Here, the PLN included (i) a formal letter from Kapital to Muir on 21 December 2016; (ii) the formal PLN; (iii) a note of outstanding snagging; and (iv) an expert opinion which detailed defects and incomplete works. Where the retention amount was small and a very large amount of work was necessary for defects to be remedied, it was enough to say the remedying of the defects would require a sum well in excess of the retention sum. This was the basis upon which the PLN in this case arrived at “zero”.

Muir said that the PLN did not properly specify the basis of the “zero sum”. Taking a strict view, the Judge saw some “substantial force” in this argument. No basis for the zero sum figure was put forward in the PLN or the supporting documentation. The Judge noted that:

“From none of the information provided could the reasonable recipient work out the basis on which the zero sum figure was calculated. There is no calculation put forward which would allow the reasonable recipient to understand how that figure is arrived at. There is no specification which would allow the reasonable recipient to make any sense of the figure arrived at. The defender sets forth no figures and thus no basis substantiating the zero sum figure in the PLN or in any of the other documentation upon which it relies.

With no difficulty I reject the defender’s response with respect to this point. It amounted to no more than saying the sum retained is not a large one and given the number and nature of problems founded upon in the PLN the cost of remedying these would clearly amount to a figure well in excess of the retained sum and thus a basis for the zero sum figure was provided. That is not providing a basis for the figure. I am persuaded that the PLN in order to properly provide a basis needs at least to set out the grounds for withholding and the sum applied to each of these grounds with at least an indication of how each of these sums were arrived at.“

In reaching this conclusion the Judge referred to the case of Maxi Construction Management Ltd v Mortons Rolls Ltd (Dispatch Issue 15) where Lord Macfadyen had said that: “specification of the basis of calculation” was required.
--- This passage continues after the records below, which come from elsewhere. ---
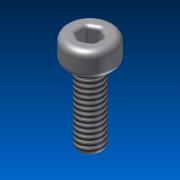
# Autodesk Inventor part: Cap(M2-6)
Saved by Autodesk Inventor 2013 (Build 170138000, 138)
## iProperties
Created: 2014-02-07
Material: 一般
Document SubType Name: Modeling
Designer: andou
Density: 1 g/cm^3
Mass: 0.0373174 g
Surface Area: 0.842779 cm^2
Volume: 0.0373174 cm^3
Author: andou
Title: Cap(M2-6)
Autodesk Inventor part; units mm, degrees
ref_plane "YZ Plane" through (0, 0, 0) normal (1, 0, 0) x (0, 1, 0)
ref_plane "XZ Plane" through (0, 0, 0) normal (0, 1, 0) x (-1, 0, 0)
ref_plane "XY Plane" through (0, 0, 0) normal (0, 0, 1) x (1, 0, 0)
sketch "スケッチ1" plane through (0, 0, 0) normal (0, 0, 1) x (1, 0, 0)
  circle A0 centre (0, 0) radius 1.9
  dimension "d0" = 3.8
  constraints: 1 centre point, 1 coincident
  measures "d0" diameter of A0
extrude "押し出し1" add sketch "スケッチ1" along normal blind 2
sketch "スケッチ2" plane through (0, 0, 0) normal (0, 0, -1) x (-1, 0, 0)
  circle A0 centre (0, 0) radius 1.9 projected
  circle A1 centre (0, 0) radius 1
  dimension "d3" = 2
  constraints: 1 centre point, 1 coincident
  measures "d3" diameter of A1
extrude "押し出し2" add sketch "スケッチ2" along normal blind 6 contours A1
sketch "スケッチ3" plane through (0, 0, 2) normal (0, 0, 1) x (1, 0, 0)
  circle A0 centre (0, 0) radius 1.9 projected
  line L0 (0, 0.866) -> (0.75, 0.433)
  line L1 (0.75, 0.433) -> (0.75, -0.433)
  line L2 (0.75, -0.433) -> (0, -0.866)
  line L3 (0, -0.866) -> (-0.75, -0.433)
  line L4 (-0.75, -0.433) -> (-0.75, 0.433)
  line L5 (-0.75, 0.433) -> (0, 0.866)
  dimension "d6" = 0.75
  constraints: 12 end point, 1 coincident, 13 other
  measures "d6" distance from line of point (0, 0) L0
extrude "押し出し3" cut sketch "スケッチ3" against normal blind 1.5 contours L0 L1 L2 L3 L4 L5
fillet "フィレット1" radius 0.5 2 edges at (-1.9, 0, 2) (-1.9, 0, 0)
fillet "フィレット2" radius 0.3 19 edges at (-0.375, 0.6495, 2) (-0.75, 0, 2) (-0.375, -0.6495, 2) (0.375, -0.6495, 2) (0.75, 0, 2) (0.375, 0.6495, 2) (-0.375, 0.6495, 0.5) (0.375, 0.6495, 0.5) (0, 0.866, 1.25) (-0.75, 0.433, 1.25) (-0.375, -0.6495, 0.5) (-0.75, -0.433, 1.25) (-0.75, 0, 0.5) (0.75, 0, 0.5) (0.75, 0.433, 1.25) (0.75, -0.433, 1.25) (0.375, -0.6495, 0.5) (0, -0.866, 1.25) (1, 0, -6)
thread "ねじ3" size "M2x0.4" class "6g" standard "ANSI Metric M Profile" full length

There was no specification here. As a result the Judge said that the PLN was neither valid nor effective.

Further as part of the Settlement Agreement, where Kapital had undertaken work to remedy the defects, it could only recover costs where (i) it had already incurred the cost sought to be withheld and (ii) it could evidence that to Muir. This meant that the “mere crystallising of the liability” in terms of invoices becoming due and payable was not sufficient to satisfy the condition of costs having been incurred. To allow this, would potentially allow an invoice which did not, in part at least, represent work actually done and/or where payment was not made timeously but made some material time later, to form the basis for a valid PLN. On the facts here, the proper construction of “costs incurred” for the purposes of a valid PLN was that the sums in any invoices for work done had to have been paid by 21 December 2016.